Close finishes indicate genuine competition for the win rather than dominant performance by a single car or driver. Small gaps suggest the leader was under pressure throughout the race distance.

Team Variety

What it measures:

Number of different constructor teams represented among the top five finishing positions.

How it's calculated:

Linear scale based on observed value relative to maximum

Why it matters:

Greater team variety in top positions indicates competitive parity and reduces dominance by a single team. Five different teams in the top five suggests open competition; one or two teams suggests performance concentration.

Normalization Rules

Boolean normalization

Applied to binary conditions like rainfall. True conditions score 10.0, false conditions score 0.0.

Linear normalization

Applied to counting metrics like overtakes or interruptions. Scales the observed value against the maximum value in the dataset: (value ÷ maximum) × 10, capped at 10.0.

Inverse gap normalization

Applied to time gaps where smaller is better. Maps gaps from 0 seconds (perfect 10.0) to 30+ seconds (0.0) using the formula: 10 - (gap ÷ 30) × 10.

Direct normalization

Applied to values already on a 0-10 scale. The value is used as-is with no transformation. Used for the AI Assessment dimension.

Final Score Calculation

Each dimension's normalized score (0-10) is multiplied by its weight, and all weighted contributions are summed to produce the final race score. Dimension weights sum to 100%, so the maximum possible score is 10.0.

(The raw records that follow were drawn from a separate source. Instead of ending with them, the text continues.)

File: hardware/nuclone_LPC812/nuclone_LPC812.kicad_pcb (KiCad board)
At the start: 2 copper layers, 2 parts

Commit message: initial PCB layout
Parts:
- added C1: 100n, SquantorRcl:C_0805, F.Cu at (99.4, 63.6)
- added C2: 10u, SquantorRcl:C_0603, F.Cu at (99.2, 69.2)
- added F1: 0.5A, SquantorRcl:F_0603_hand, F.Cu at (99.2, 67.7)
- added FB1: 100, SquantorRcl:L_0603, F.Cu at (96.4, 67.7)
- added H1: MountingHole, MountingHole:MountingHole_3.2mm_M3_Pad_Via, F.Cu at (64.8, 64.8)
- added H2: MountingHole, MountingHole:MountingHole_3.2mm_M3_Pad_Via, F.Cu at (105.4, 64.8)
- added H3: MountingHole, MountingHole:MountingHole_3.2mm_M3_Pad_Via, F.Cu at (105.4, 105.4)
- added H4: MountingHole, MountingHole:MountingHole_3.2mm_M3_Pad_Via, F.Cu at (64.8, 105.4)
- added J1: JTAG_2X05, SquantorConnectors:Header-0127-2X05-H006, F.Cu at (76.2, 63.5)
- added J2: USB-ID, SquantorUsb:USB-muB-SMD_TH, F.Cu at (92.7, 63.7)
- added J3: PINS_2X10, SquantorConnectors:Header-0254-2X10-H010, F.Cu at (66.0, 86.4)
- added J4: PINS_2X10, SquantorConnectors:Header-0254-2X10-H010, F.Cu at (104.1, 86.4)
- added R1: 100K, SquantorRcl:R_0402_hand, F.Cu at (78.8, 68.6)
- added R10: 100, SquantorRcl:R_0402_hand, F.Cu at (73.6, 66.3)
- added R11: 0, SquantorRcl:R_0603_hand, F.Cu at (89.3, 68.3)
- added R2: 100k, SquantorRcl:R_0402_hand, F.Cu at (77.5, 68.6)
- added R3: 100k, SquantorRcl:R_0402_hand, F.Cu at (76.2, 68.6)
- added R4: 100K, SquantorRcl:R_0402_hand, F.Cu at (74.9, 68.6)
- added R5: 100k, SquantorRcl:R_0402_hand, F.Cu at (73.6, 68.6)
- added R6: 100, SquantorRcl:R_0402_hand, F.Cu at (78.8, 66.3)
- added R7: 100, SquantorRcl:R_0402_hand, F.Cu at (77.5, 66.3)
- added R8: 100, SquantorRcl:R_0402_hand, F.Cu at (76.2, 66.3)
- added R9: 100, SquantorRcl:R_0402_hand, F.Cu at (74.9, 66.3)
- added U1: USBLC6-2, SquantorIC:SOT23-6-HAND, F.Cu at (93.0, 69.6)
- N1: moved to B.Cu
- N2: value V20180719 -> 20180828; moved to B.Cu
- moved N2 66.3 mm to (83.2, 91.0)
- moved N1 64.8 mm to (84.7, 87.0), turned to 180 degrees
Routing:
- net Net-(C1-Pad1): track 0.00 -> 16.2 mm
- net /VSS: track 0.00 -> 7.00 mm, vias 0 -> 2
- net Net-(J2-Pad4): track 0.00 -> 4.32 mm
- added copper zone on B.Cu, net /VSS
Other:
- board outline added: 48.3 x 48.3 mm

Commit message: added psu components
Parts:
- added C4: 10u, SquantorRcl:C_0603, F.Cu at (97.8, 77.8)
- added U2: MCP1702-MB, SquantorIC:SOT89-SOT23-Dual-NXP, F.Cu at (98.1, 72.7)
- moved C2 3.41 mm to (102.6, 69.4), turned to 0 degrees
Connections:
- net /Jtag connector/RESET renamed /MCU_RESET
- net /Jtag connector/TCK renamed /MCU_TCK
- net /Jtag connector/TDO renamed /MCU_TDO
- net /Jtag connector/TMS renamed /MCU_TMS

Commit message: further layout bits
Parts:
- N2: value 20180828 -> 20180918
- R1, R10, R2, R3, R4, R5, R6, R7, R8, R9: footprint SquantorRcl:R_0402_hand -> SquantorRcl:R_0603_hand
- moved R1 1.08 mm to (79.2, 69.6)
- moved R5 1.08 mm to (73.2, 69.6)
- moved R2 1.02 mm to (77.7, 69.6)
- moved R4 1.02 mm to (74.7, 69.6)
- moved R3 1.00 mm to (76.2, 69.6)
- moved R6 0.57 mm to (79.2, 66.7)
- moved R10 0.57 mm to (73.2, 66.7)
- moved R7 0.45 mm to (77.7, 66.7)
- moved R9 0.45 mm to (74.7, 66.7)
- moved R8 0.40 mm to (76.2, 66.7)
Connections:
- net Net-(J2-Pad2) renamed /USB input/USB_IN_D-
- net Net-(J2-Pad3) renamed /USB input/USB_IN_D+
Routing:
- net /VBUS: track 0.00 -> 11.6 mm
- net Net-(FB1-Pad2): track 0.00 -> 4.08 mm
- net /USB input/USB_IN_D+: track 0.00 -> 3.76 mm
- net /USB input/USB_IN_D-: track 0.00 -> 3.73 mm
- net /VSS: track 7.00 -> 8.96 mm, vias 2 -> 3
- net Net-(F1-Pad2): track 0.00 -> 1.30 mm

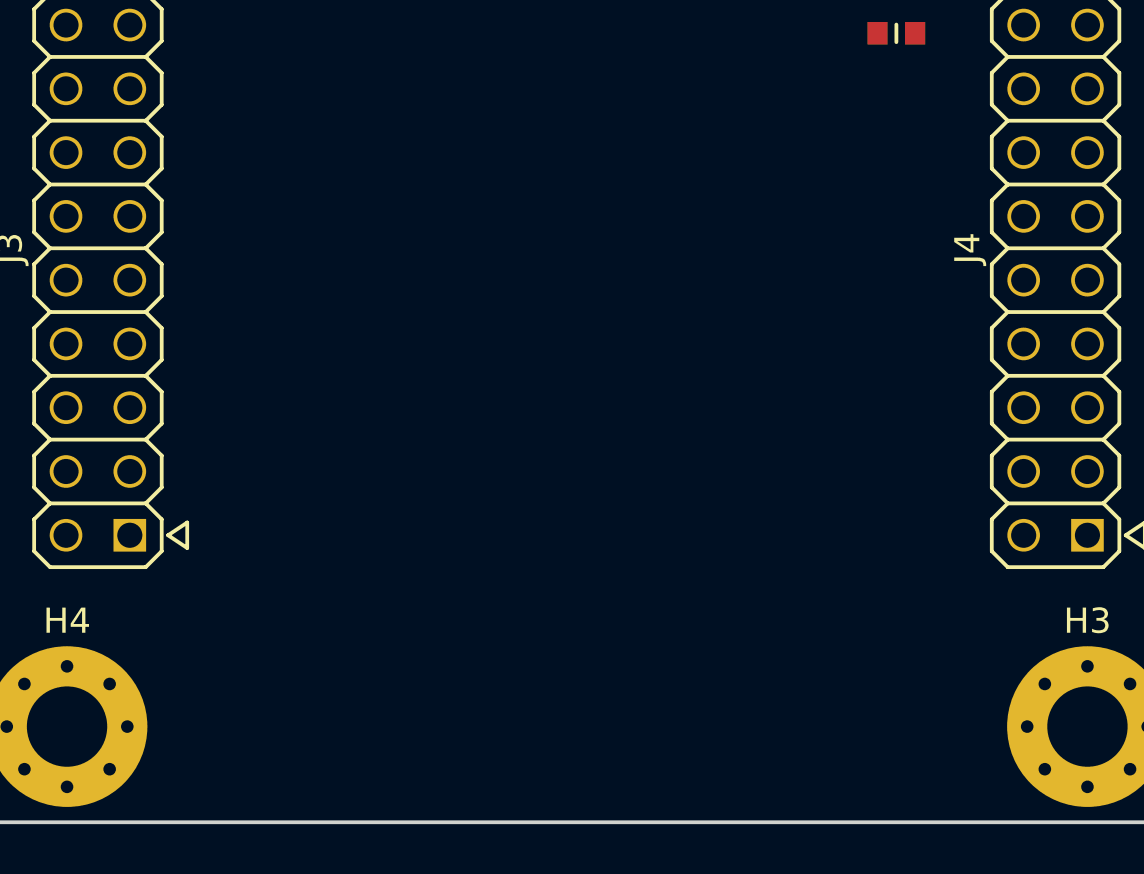
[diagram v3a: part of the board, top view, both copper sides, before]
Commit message: component placement
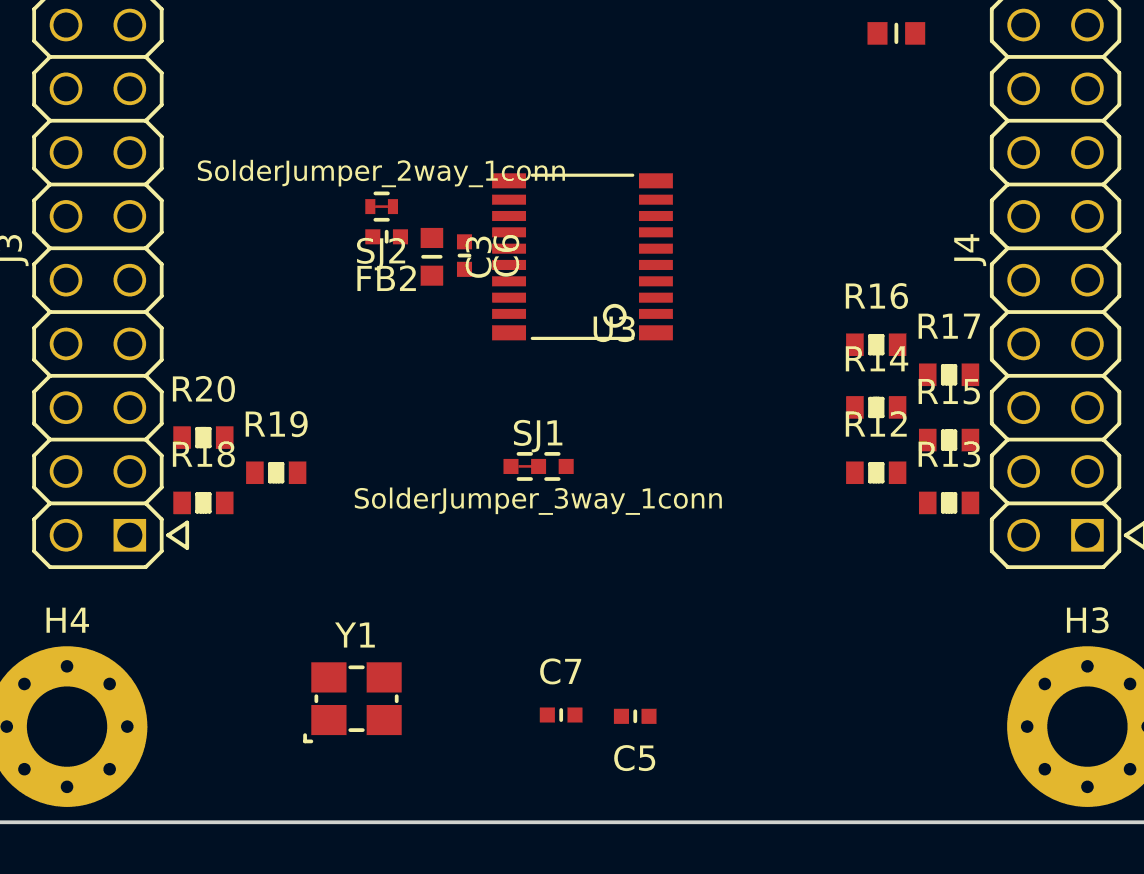
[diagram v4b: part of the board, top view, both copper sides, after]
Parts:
- added C3: 10u, SquantorRcl:C_0603, F.Cu at (79.3, 86.7)
- added C5: 18p, SquantorRcl:C_0402, F.Cu at (87.4, 105.0)
- added C6: 1u, SquantorRcl:C_0402, F.Cu at (80.6, 86.7)
- added C7: 18p, SquantorRcl:C_0402, F.Cu at (84.5, 105.0)
- added FB2: FB, SquantorRcl:C_0402, F.Cu at (77.5, 85.9)
- added R12: 100, SquantorRcl:R_0603_hand, F.Cu at (97.0, 95.3)
- added R13: 100, SquantorRcl:R_0603_hand, F.Cu at (99.9, 96.5)
- added R14: 100, SquantorRcl:R_0603_hand, F.Cu at (97.0, 92.7)
- added R15: 100, SquantorRcl:R_0603_hand, F.Cu at (99.9, 94.0)
- added R16: 100, SquantorRcl:R_0603_hand, F.Cu at (97.0, 90.2)
- added R17: 100, SquantorRcl:R_0603_hand, F.Cu at (99.9, 91.4)
- added R18: 100, SquantorRcl:R_0603_hand, F.Cu at (70.2, 96.5)
- added R19: 100, SquantorRcl:R_0603_hand, F.Cu at (73.1, 95.3)
- added R20: 100, SquantorRcl:R_0603_hand, F.Cu at (70.2, 93.9)
- added SJ1: SolderJumper_3way_1conn, SquantorSpecial:solder_jumper_3way_12conn, F.Cu at (83.5, 95.0)
- added SJ2: SolderJumper_2way_1conn, SquantorSpecial:solder_jumper_2way_conn, F.Cu at (77.3, 84.7)
- added U3: LPC812M101JDH20, SquantorIC:SOT360, F.Cu at (85.3, 86.7)
- added Y1: 12MHz, SquantorCrystal:Crystal_3225_4, F.Cu at (76.3, 104.3)
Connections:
- net /VSS renamed VSS
- J3 pad 3: (no net) -> /GPIO_01
- J3 pad 4: (no net) -> /GPIO_00
- J3 pad 6: (no net) -> /GPIO_02
- J4 pad 13: (no net) -> /AN_00
- J4 pad 14: (no net) -> /VREF
- J4 pad 16: (no net) -> /AN_01
- J4 pad 3: (no net) -> /I2C_SCL
- J4 pad 4: (no net) -> /I2C_SDA
- J4 pad 5: (no net) -> /SPI_MISO
- J4 pad 6: (no net) -> /SPI_MOSI
- J4 pad 7: (no net) -> /SPI_CE
- J4 pad 8: (no net) -> /SPI_SCLK

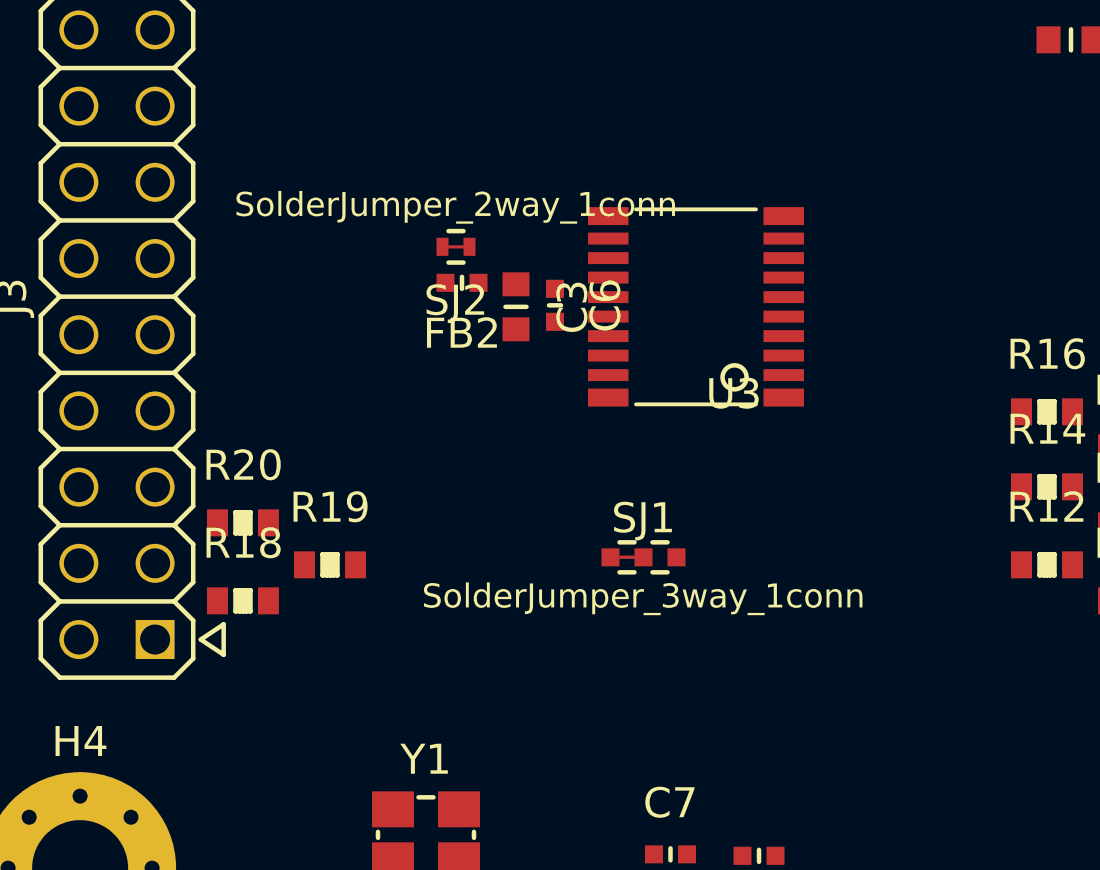
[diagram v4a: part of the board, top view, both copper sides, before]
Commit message: imported components on the PCB
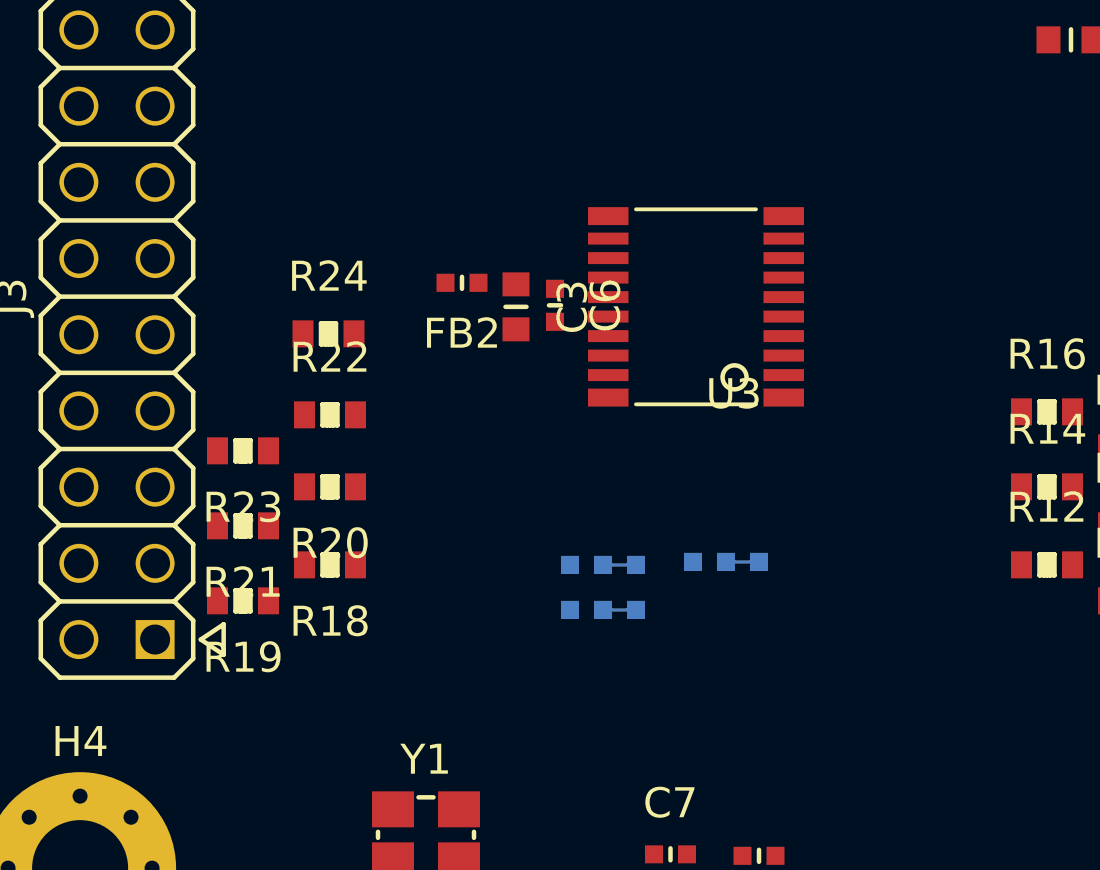
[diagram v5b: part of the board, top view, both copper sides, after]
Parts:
- removed SJ1: SolderJumper_3way_1conn, SquantorSpecial:solder_jumper_3way_12conn
- removed SJ2: SolderJumper_2way_1conn, SquantorSpecial:solder_jumper_2way_conn
- added JP1: RESET/GPIO, SquantorSpecial:solder_jumper_3way_23conn, B.Cu at (82.2, 95.3)
- added JP2: XTAL/GPIO, SquantorSpecial:solder_jumper_3way_23conn, B.Cu at (82.2, 96.8)
- added JP3: XTAL/GPIO, SquantorSpecial:solder_jumper_3way_23conn, B.Cu at (86.3, 95.2)
- added R21: 100, SquantorRcl:R_0603_hand, F.Cu at (70.2, 94.0)
- added R22: 100, SquantorRcl:R_0603_hand, F.Cu at (73.1, 90.3)
- added R23: 100, SquantorRcl:R_0603_hand, F.Cu at (70.2, 91.5)
- added R24: 100, SquantorRcl:R_0603_hand, F.Cu at (73.0, 87.6)
- J3, J4: value PINS_2X10 -> Conn_02x10_Odd_Even
- moved R18 3.14 mm to (73.1, 95.3), turned to 180 degrees
- moved R19 3.14 mm to (70.2, 96.5), turned to 180 degrees
- moved R20 3.14 mm to (73.1, 92.7), turned to 180 degrees
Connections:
- C5 pad 1: /LPC812M101JD20 base/PIO0_9 -> /LPC812M101JD20 base/XTAL_IN
- C7 pad 1: /LPC812M101JD20 base/PIO0_8 -> /LPC812M101JD20 base/XTAL_OUT
- FB2 pad 2: Net-(FB2-Pad2) -> /VDD
- J3 pad 3: /GPIO_01 -> /GPIO_00
- J3 pad 4: /GPIO_00 -> /GPIO_01
- J3 pad 5: (no net) -> /GPIO_02
- J3 pad 6: /GPIO_02 -> /GPIO_03
- J3 pad 7: (no net) -> /GPIO_04
- J3 pad 8: (no net) -> /GPIO_05
- J3 pad 9: (no net) -> /GPIO_06
- J4 pad 13: /AN_00 -> /VREF
- J4 pad 14: /VREF -> /AN_00
- J4 pad 15: (no net) -> /AN_01
- J4 pad 16: /AN_01 -> (no net)
- J4 pad 3: /I2C_SCL -> /I2C_SDA
- J4 pad 4: /I2C_SDA -> /I2C_SCL
- J4 pad 5: /SPI_MISO -> /SPI_MOSI
- J4 pad 6: /SPI_MOSI -> /SPI_MISO
- J4 pad 7: /SPI_CE -> /SPI_SCLK
- J4 pad 8: /SPI_SCLK -> /SPI_CE
- R14 pad 1: (no net) -> /LPC812M101JD20 base/PIO0_17
- R15 pad 1: (no net) -> /LPC812M101JD20 base/PIO0_13
- R16 pad 1: (no net) -> /LPC812M101JD20 base/PIO0_12
- R17 pad 1: (no net) -> /LPC812M101JD20 base/PIO0_4
- R18 pad 1: /GPIO_00 -> /LPC812M101JD20 base/PIO0_7
- R19 pad 1: /GPIO_01 -> /LPC812M101JD20 base/PIO0_14
- R20 pad 1: /GPIO_02 -> /LPC812M101JD20 base/PIO0_15
- U3 pad 1: (no net) -> /LPC812M101JD20 base/PIO0_17
- U3 pad 10: (no net) -> /LPC812M101JD20 base/PIO0_16
- U3 pad 11: (no net) -> /LPC812M101JD20 base/PIO0_15
- U3 pad 17: (no net) -> /LPC812M101JD20 base/PIO0_7
- U3 pad 2: (no net) -> /LPC812M101JD20 base/PIO0_13
- U3 pad 20: (no net) -> /LPC812M101JD20 base/PIO0_14
- U3 pad 3: (no net) -> /LPC812M101JD20 base/PIO0_12
- U3 pad 4: (no net) -> /LPC812M101JD20 base/PIO0_5
- U3 pad 5: (no net) -> /LPC812M101JD20 base/PIO0_4
- U3 pad 6: (no net) -> /MCU_TCK
- U3 pad 7: (no net) -> /MCU_TMS
- Y1 pad 1: /LPC812M101JD20 base/PIO0_9 -> /LPC812M101JD20 base/XTAL_IN
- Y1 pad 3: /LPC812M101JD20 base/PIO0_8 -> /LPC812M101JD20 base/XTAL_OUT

The eleven dimensions span multiple categories—weather, interruptions, racing quality, strategy, and competition—allowing races to earn high scores through different characteristics. A chaotic rain-affected race, a strategic multi-stop battle, or pure wheel-to-wheel racing can all achieve excellent scores through their own merits.

AI Assessment

AI Assessment is a weighted scoring dimension (12% weight), just like the other ten dimensions. An LLM with web search researches each race independently—reading race reports, fan reactions, and expert analysis. It's prompted to identify both the boring and exciting aspects of the race before scoring, and calibrated against reference races (e.g., 2019 France GP = 1.5, 2019 German GP = 10). Three separate calls are made and averaged to reduce variance.

Raw AI scores are then normalized to the full 0-10 range based on the lowest and highest AI scores across all races. This compensates for LLMs' tendency to cluster scores in a narrow band, ensuring the AI dimension provides meaningful differentiation between races.

The AI assessment captures narrative context that pure statistics miss—like a processional front despite high midfield overtake counts, or historic significance that elevates a race's worth-watching value. Races without an AI score simply receive zero contribution from this dimension.